■ What you will do
Word for word, copy the data that follows and skip its pictures.

Start of Data listing

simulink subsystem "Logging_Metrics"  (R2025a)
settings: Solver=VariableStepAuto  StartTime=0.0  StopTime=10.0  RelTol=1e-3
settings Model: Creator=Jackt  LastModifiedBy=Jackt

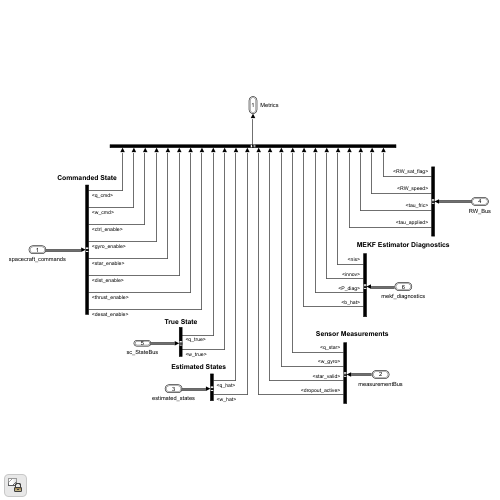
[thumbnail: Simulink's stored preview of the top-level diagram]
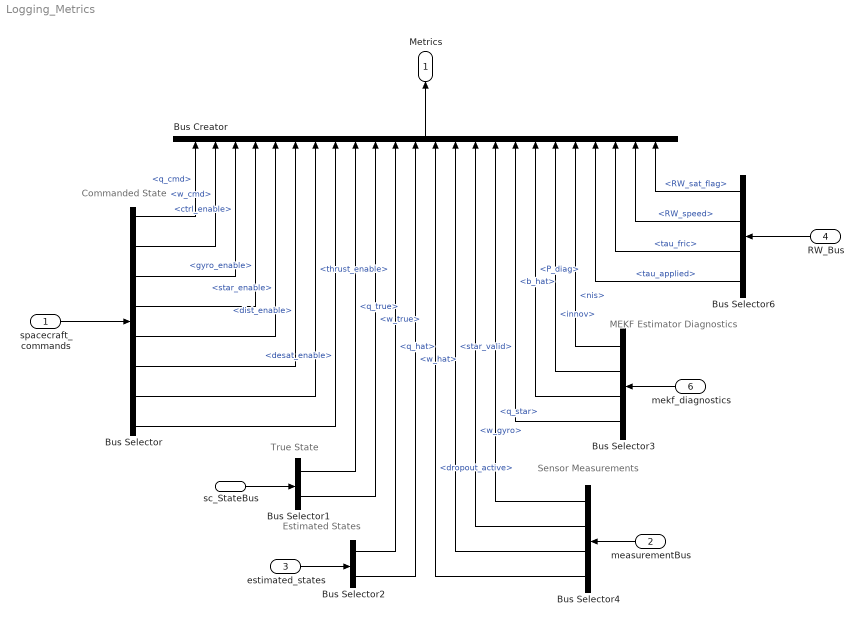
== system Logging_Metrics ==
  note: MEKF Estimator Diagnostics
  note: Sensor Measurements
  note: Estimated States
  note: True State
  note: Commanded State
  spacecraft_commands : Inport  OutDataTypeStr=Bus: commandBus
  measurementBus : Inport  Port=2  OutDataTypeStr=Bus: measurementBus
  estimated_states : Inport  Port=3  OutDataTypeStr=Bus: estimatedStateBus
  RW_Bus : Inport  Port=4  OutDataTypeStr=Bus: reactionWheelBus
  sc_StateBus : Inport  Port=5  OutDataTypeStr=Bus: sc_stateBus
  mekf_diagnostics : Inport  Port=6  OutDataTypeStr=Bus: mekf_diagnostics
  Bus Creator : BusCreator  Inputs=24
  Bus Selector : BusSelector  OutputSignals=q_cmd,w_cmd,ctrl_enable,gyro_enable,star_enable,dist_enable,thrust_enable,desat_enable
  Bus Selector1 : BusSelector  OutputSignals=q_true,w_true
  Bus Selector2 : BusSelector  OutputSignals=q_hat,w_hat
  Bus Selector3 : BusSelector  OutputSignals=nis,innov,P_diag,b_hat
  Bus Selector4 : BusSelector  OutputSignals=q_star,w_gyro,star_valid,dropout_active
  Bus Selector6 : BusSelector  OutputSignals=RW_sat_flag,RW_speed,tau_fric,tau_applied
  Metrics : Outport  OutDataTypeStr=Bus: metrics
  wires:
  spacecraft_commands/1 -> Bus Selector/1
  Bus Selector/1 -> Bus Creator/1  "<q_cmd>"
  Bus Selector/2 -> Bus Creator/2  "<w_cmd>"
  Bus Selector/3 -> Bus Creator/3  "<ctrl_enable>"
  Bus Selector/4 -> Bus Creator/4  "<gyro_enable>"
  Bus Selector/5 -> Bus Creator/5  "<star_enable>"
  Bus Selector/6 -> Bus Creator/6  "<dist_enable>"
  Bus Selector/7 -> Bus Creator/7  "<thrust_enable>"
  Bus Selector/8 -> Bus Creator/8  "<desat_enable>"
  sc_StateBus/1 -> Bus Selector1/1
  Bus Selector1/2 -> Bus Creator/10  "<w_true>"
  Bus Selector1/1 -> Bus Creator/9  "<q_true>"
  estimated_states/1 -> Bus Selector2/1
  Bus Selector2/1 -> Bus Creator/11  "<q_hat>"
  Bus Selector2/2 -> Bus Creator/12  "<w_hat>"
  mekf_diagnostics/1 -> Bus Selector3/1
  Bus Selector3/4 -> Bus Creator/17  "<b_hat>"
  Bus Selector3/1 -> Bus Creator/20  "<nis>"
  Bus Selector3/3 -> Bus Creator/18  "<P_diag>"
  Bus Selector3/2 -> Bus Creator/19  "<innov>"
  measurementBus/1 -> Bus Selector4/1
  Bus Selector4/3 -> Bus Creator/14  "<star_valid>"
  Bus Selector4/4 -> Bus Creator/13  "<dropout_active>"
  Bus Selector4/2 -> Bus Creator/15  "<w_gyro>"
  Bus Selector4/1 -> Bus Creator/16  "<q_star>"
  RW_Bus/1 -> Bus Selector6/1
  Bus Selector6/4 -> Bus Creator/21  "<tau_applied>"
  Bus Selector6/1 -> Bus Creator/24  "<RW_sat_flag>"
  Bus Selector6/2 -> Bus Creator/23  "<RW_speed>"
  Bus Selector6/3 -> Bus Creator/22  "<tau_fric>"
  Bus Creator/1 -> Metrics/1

End of Data listing

■ Task output
simulink subsystem "Logging_Metrics"  (R2025a)
settings: Solver=VariableStepAuto  StartTime=0.0  StopTime=10.0  RelTol=1e-3
settings Model: Creator=Jackt  LastModifiedBy=Jackt

[thumbnail: Simulink's stored preview of the top-level diagram]
== system Logging_Metrics ==
  note: MEKF Estimator Diagnostics
  note: Sensor Measurements
  note: Estimated States
  note: True State
  note: Commanded State
  spacecraft_commands : Inport  OutDataTypeStr=Bus: commandBus
  measurementBus : Inport  Port=2  OutDataTypeStr=Bus: measurementBus
  estimated_states : Inport  Port=3  OutDataTypeStr=Bus: estimatedStateBus
  RW_Bus : Inport  Port=4  OutDataTypeStr=Bus: reactionWheelBus
  sc_StateBus : Inport  Port=5  OutDataTypeStr=Bus: sc_stateBus
  mekf_diagnostics : Inport  Port=6  OutDataTypeStr=Bus: mekf_diagnostics
  Bus Creator : BusCreator  Inputs=24
  Bus Selector : BusSelector  OutputSignals=q_cmd,w_cmd,ctrl_enable,gyro_enable,star_enable,dist_enable,thrust_enable,desat_enable
  Bus Selector1 : BusSelector  OutputSignals=q_true,w_true
  Bus Selector2 : BusSelector  OutputSignals=q_hat,w_hat
  Bus Selector3 : BusSelector  OutputSignals=nis,innov,P_diag,b_hat
  Bus Selector4 : BusSelector  OutputSignals=q_star,w_gyro,star_valid,dropout_active
  Bus Selector6 : BusSelector  OutputSignals=RW_sat_flag,RW_speed,tau_fric,tau_applied
  Metrics : Outport  OutDataTypeStr=Bus: metrics
  wires:
  spacecraft_commands/1 -> Bus Selector/1
  Bus Selector/1 -> Bus Creator/1  "<q_cmd>"
  Bus Selector/2 -> Bus Creator/2  "<w_cmd>"
  Bus Selector/3 -> Bus Creator/3  "<ctrl_enable>"
  Bus Selector/4 -> Bus Creator/4  "<gyro_enable>"
  Bus Selector/5 -> Bus Creator/5  "<star_enable>"
  Bus Selector/6 -> Bus Creator/6  "<dist_enable>"
  Bus Selector/7 -> Bus Creator/7  "<thrust_enable>"
  Bus Selector/8 -> Bus Creator/8  "<desat_enable>"
  sc_StateBus/1 -> Bus Selector1/1
  Bus Selector1/2 -> Bus Creator/10  "<w_true>"
  Bus Selector1/1 -> Bus Creator/9  "<q_true>"
  estimated_states/1 -> Bus Selector2/1
  Bus Selector2/1 -> Bus Creator/11  "<q_hat>"
  Bus Selector2/2 -> Bus Creator/12  "<w_hat>"
  mekf_diagnostics/1 -> Bus Selector3/1
  Bus Selector3/4 -> Bus Creator/17  "<b_hat>"
  Bus Selector3/1 -> Bus Creator/20  "<nis>"
  Bus Selector3/3 -> Bus Creator/18  "<P_diag>"
  Bus Selector3/2 -> Bus Creator/19  "<innov>"
  measurementBus/1 -> Bus Selector4/1
  Bus Selector4/3 -> Bus Creator/14  "<star_valid>"
  Bus Selector4/4 -> Bus Creator/13  "<dropout_active>"
  Bus Selector4/2 -> Bus Creator/15  "<w_gyro>"
  Bus Selector4/1 -> Bus Creator/16  "<q_star>"
  RW_Bus/1 -> Bus Selector6/1
  Bus Selector6/4 -> Bus Creator/21  "<tau_applied>"
  Bus Selector6/1 -> Bus Creator/24  "<RW_sat_flag>"
  Bus Selector6/2 -> Bus Creator/23  "<RW_speed>"
  Bus Selector6/3 -> Bus Creator/22  "<tau_fric>"
  Bus Creator/1 -> Metrics/1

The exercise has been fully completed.